It doesn’t take a tornado or severe thunderstorms to produce high winds with damaging force. Fast moving weather systems can cut across large parts of the country and the resulting winds can bring down tree limbs and entire trees, damage roofs and siding and take lawn furniture, trash cans and trampolines airborne.
Here’s how to be ready for windstorms:
Before the storm:
- Bring trash cans inside a garage or basement if possible. If you leave them outdoors, secure them as best as possible.
- Bring in any lawn furniture, toys, grills, bird feeders or other items that could be tossed around by high winds.
- Clean out gutters and drains so any rainwater can flow away from your home.
- Check your roof for loose shingles. Make plans to repair any shingles that need replacement.
- Rake leaves and pick up any downed limbs or sticks to cut down on flying debris and prevent clogged sewer drains.
- Expect downed trees and power outages. Here’s what to do in case the power goes out.
- Stay at home as severe weather arrives.
- Update your home inventory. Take pictures or videos of each room in your home and describe the items.
- Make sure you have copies of your homeowners insurance policy. It might be time for an insurance check-up.
- Make sure you have flashlights and extra batteries.
- Back-up computers.
- Check your NOAA All-Hazards Weather Radio and make sure its turned on and working.
- Have a communications plan in case family members get separated.
- Identify your storm safe shelter spot in your home or apartment and workplace.
- Have some cash on hand. Many stores can’t take credit or debit cards if the power is out.
- Review how to turn off water, electric and gas service to your house.
During the storm:
- Stay inside. Stay away from windows and sliding glass doors.
- Pay attention to local radio and television broadcasts, especially if weather conditions become severe.
- Take shelter if a tornado warning or severe thunderstorm warning is issued. Make sure to bring your emergency kit into your safe room. Add a pair of boots or sturdy shoes and socks to it in case you have to go outdoors.
- If you have a natural gas stove, furnace or other appliance and smell the rotten egg smell of gas or hear gas hissing out of a pipe, GET OUT OF THE HOUSE IMMEDIATELY. After you’re a safe distance away from your house, call 9-1-1 to report a gas leak.
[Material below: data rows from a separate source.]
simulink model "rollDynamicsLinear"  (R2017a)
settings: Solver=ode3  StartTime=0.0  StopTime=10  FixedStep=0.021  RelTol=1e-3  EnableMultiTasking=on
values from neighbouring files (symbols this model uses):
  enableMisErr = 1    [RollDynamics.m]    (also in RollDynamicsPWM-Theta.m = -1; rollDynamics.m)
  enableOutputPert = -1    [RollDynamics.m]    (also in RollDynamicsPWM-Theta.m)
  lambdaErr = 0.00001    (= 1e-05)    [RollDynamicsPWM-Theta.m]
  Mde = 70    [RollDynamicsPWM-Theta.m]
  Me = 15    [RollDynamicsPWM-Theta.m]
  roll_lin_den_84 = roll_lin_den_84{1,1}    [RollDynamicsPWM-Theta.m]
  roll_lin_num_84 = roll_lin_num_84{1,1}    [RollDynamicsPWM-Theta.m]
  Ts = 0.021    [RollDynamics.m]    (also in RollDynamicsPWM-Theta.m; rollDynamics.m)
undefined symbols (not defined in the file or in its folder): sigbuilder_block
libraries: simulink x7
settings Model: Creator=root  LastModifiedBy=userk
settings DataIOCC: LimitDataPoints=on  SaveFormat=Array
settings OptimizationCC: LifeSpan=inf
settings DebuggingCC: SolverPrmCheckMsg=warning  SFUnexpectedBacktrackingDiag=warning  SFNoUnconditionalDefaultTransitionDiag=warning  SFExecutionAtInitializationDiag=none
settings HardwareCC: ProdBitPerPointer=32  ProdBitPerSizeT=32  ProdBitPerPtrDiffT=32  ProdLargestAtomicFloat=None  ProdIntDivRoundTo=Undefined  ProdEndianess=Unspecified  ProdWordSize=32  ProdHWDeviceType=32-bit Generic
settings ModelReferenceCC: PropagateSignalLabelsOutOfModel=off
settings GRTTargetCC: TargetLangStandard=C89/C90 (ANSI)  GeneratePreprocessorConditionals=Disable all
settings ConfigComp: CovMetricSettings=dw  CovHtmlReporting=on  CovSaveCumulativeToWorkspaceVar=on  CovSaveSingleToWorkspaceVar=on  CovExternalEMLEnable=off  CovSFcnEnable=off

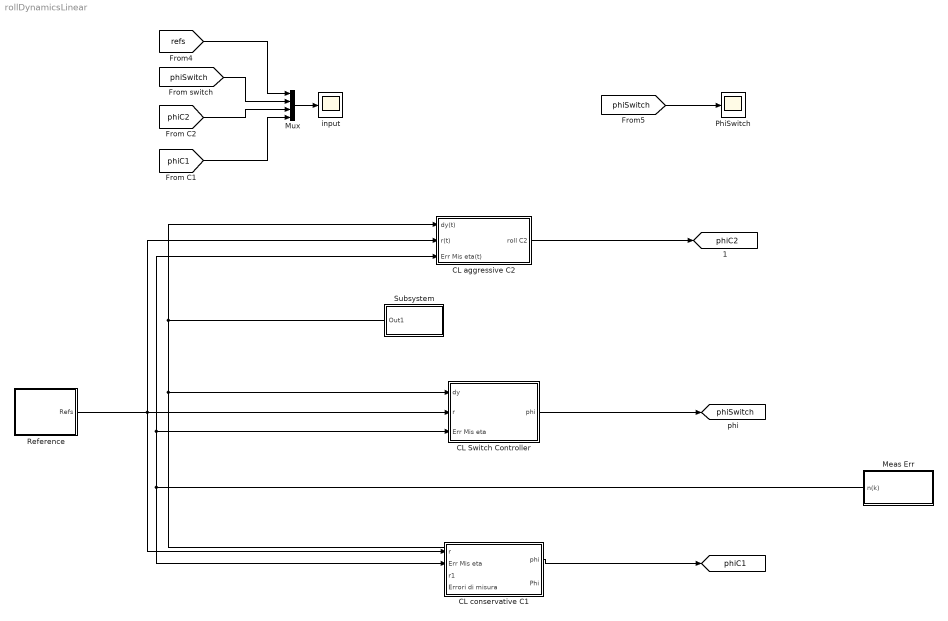
== system rollDynamicsLinear ==
  CL Switch Controller : Subsystem
  "CL aggressive C2 " : Subsystem
  CL conservative C1 : Subsystem
  Meas Err : Subsystem
  Mux : Mux
  PhiSwitch : Scope
  Reference : Subsystem
  Subsystem : Subsystem
  input : Scope
  tag scope: phiC1=global, phiC2=global, phiSwitch=global
  wires:
  Mux/1 -> input/1
  "CL aggressive C2 "/1(roll C2) -> [phiC2]
  CL conservative C1/1(phi) -> [phiC1]
  Reference/1(Refs) -> "CL aggressive C2 "/2(r(t)), CL Switch Controller/2(r), CL conservative C1/1(r)
  Subsystem/1(Out1) -> CL Switch Controller/1(dy), "CL aggressive C2 "/1(dy(t))
  Meas Err/1(n(k)) -> CL conservative C1/2(Err Mis eta), CL Switch Controller/3(Err Mis eta), "CL aggressive C2 "/3(Err Mis eta(t))
  CL Switch Controller/1(phi) -> [phiSwitch]
  [phiSwitch] -> Mux/2
  [phiC1] -> Mux/4
  [refs] -> Mux/1
  [phiSwitch] -> PhiSwitch/1
  [phiC2] -> Mux/3

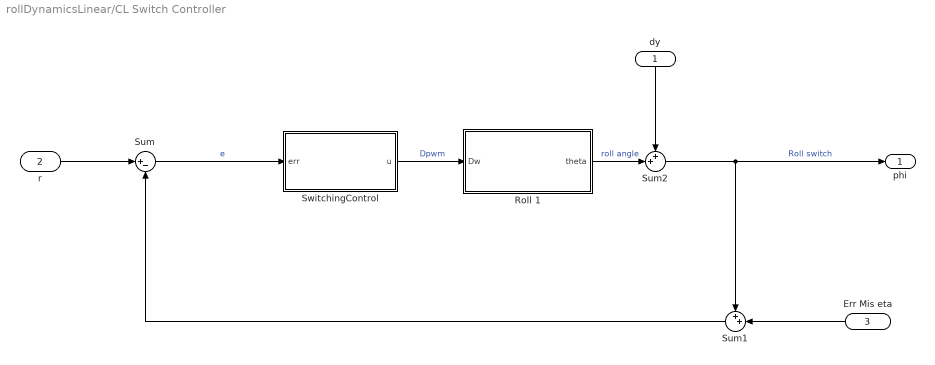
== system rollDynamicsLinear/CL Switch Controller ==
  dy : Inport
  r : Inport  Port=2
  Err Mis eta : Inport  Port=3
  Roll 1 : Subsystem
  Sum : Sum  Inputs=|+-
  Sum1 : Sum  Inputs=++|
  Sum2 : Sum  Inputs=++|
  "SwitchingControl " : Subsystem
  phi : Outport
  wires:
  r/1 -> Sum/1
  Sum2/1 -> phi/1, Sum1/1  "Roll switch"
  Roll 1/1("theta ") -> Sum2/2  "roll angle"
  "SwitchingControl "/1("u ") -> Roll 1/1("Dw ")  "Dpwm"
  Sum/1 -> "SwitchingControl "/1("err ")  "e"
  dy/1 -> Sum2/1
  Err Mis eta/1 -> Sum1/2
  Sum1/1 -> Sum/2

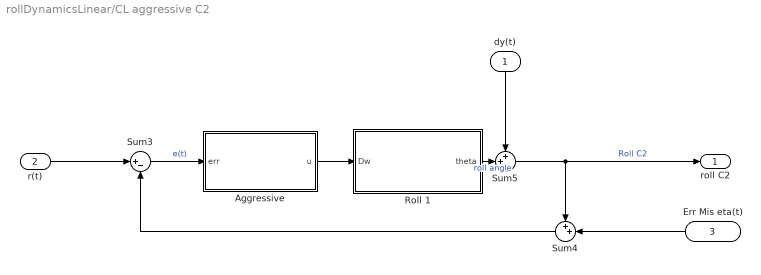
== system rollDynamicsLinear/CL aggressive C2  ==
  dy(t) : Inport
  r(t) : Inport  Port=2
  Err Mis eta(t) : Inport  Port=3
  "Aggressive " : Subsystem
  Roll 1 : Subsystem
  Sum3 : Sum  Inputs=|+-
  Sum4 : Sum  Inputs=++|
  Sum5 : Sum  Inputs=++|
  roll C2 : Outport
  wires:
  dy(t)/1 -> Sum5/1
  Sum3/1 -> "Aggressive "/1("err ")  "e(t)"
  "Aggressive "/1("u ") -> Roll 1/1("Dw ")
  Sum4/1 -> Sum3/2
  Sum5/1 -> roll C2/1, Sum4/1  "Roll C2"
  r(t)/1 -> Sum3/1
  Roll 1/1("theta ") -> Sum5/2  "roll angle"
  Err Mis eta(t)/1 -> Sum4/2

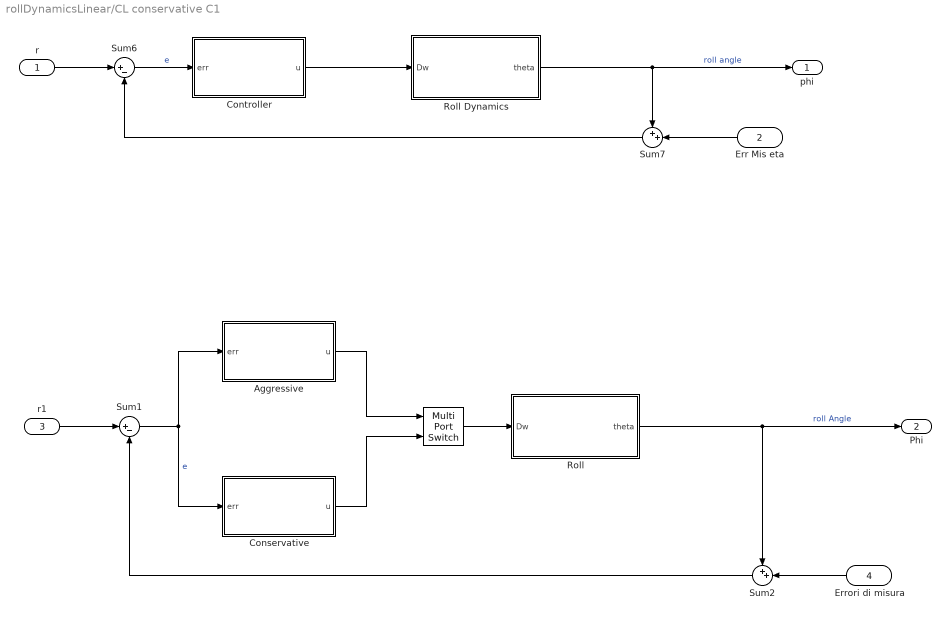
== system rollDynamicsLinear/CL conservative C1 ==
  r : Inport
  Err Mis eta : Inport  Port=2
  r1 : Inport  Port=3
  Errori di misura : Inport  Port=4
  " " : MultiPortSwitch  DataPortOrder=Zero-based contiguous  Inputs=1  zeroidx=on
  "Aggressive " : Subsystem
  Conservative : Subsystem
  Controller : Subsystem
  "Roll " : Subsystem
  "Roll Dynamics " : Subsystem
  Sum1 : Sum  Inputs=|+-
  Sum2 : Sum  Inputs=++|
  Sum6 : Sum  Inputs=|+-
  Sum7 : Sum  Inputs=++|
  phi : Outport
  Phi : Outport  Port=2
  wires:
  Err Mis eta/1 -> Sum7/2
  r/1 -> Sum6/1
  "Roll Dynamics "/1("theta ") -> phi/1, Sum7/1  "roll angle"
  Sum6/1 -> Controller/1("err ")  "e"
  Sum7/1 -> Sum6/2
  Controller/1("u ") -> "Roll Dynamics "/1("Dw ")
  Errori di misura/1 -> Sum2/2
  "Roll "/1("theta ") -> Phi/1, Sum2/1  "roll Angle"
  Sum1/1 -> Conservative/1("err "), "Aggressive "/1("err ")  "e"
  Sum2/1 -> Sum1/2
  r1/1 -> Sum1/1
  Conservative/1("u ") -> " "/2
  " "/1 -> "Roll "/1("Dw ")
  "Aggressive "/1("u ") -> " "/1

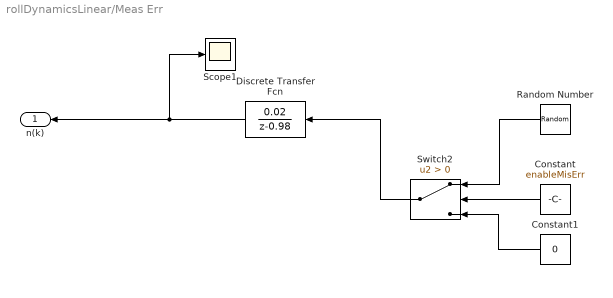
== system rollDynamicsLinear/Meas Err ==
  Constant : Constant  Value=enableMisErr
  Constant1 : Constant  Value=0
  Discrete Transfer Fcn : DiscreteTransferFcn  Numerator=[0.02]  Denominator=[1 -0.98]
  Random Number : RandomNumber  Variance=1.3  SampleTime=Ts
  Scope1 : Scope
  Switch2 : Switch  Criteria=u2 > Threshold  SampleTime=Ts
  n(k) : Outport
  wires:
  Constant1/1 -> Switch2/3
  Constant/1 -> Switch2/2
  Random Number/1 -> Switch2/1
  Switch2/1 -> Discrete Transfer Fcn/1
  Discrete Transfer Fcn/1 -> Scope1/1, n(k)/1

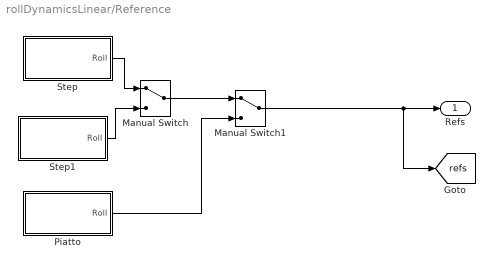
== system rollDynamicsLinear/Reference ==
  Manual Switch : ManualSwitch
  Manual Switch1 : ManualSwitch
  Piatto : Subsystem  Tag=STV Subsys  LoadFcn=sigbuilder_block('load');  StartFcn=sigbuilder_block('start');  StopFcn=sigbuilder_block('stop');  ClipboardFcn=sigbuilder_block('clipboard');  mask(Sigbuilder block){tuvar=[0:10]}
      mask help: Simulink:masks:SigbuilderBlock_MD
      mask init:
      | if ~strcmp(get_param(bdroot(gcbh),'SimulationStatus'),'stopped') tuvar = sigbuilder_block('maskInit'); end
      settings: CopyFcn=sigbuilder_block('copy');  DeleteFcn=sigbuilder_block('delete');  ModelCloseFcn=sigbuilder_block('modelClose');  PreSaveFcn=sigbuilder_block('preSave');  PauseFcn=sigbuilder_block('pause');  ContinueFcn=sigbuilder_block('continue');  NameChangeFcn=sigbuilder_block('namechange');  OpenFcn=sigbuilder_block('open',[240 0.75 594.75 533.25 ]);  CloseFcn=sigbuilder_block('close');
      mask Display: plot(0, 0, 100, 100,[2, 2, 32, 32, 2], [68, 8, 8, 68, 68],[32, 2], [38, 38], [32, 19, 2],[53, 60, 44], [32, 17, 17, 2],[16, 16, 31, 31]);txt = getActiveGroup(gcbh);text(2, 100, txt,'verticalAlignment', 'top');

- If there’s a power outage, report it to your utility company. A smartphone app is the best way to do this, otherwise call the utility company’s outage line and report it.
After the storm:
- Assess any damage inside your home. Make sure that water, electric and natural gas supplies are intact and unharmed.
- Let other family members know that you’re ok. Text messages will get through when voice calls won’t due to busy networks.
- STAY AWAY FROM ANY DOWNED POWER OR UTILITY LINES. In Fayette County, report these to Lexington E-911 at 859-258-3600. If it is clearly an emergency situation, such as a fire or power lines that are sparking on the ground, call 9-1-1.
- If the power is out, don’t open the freezer or refrigerator unless absolutely necessary. The longer they stay closed, the longer food will stay cold/frozen.
- Check the building and surroundings for damage. Watch out for broken glass and downed tree limbs that may move without warning.
- Contact your insurance company if your home or belongings are damaged.
- Don’t use gas or charcoal grills indoors to cook or heat. Both give off dangerous carbon monoxide fumes.
- Don’t use generators indoors. Keep generators at least 10 feet away from doors and windows.
- Check on neighbors and lend aid when possible.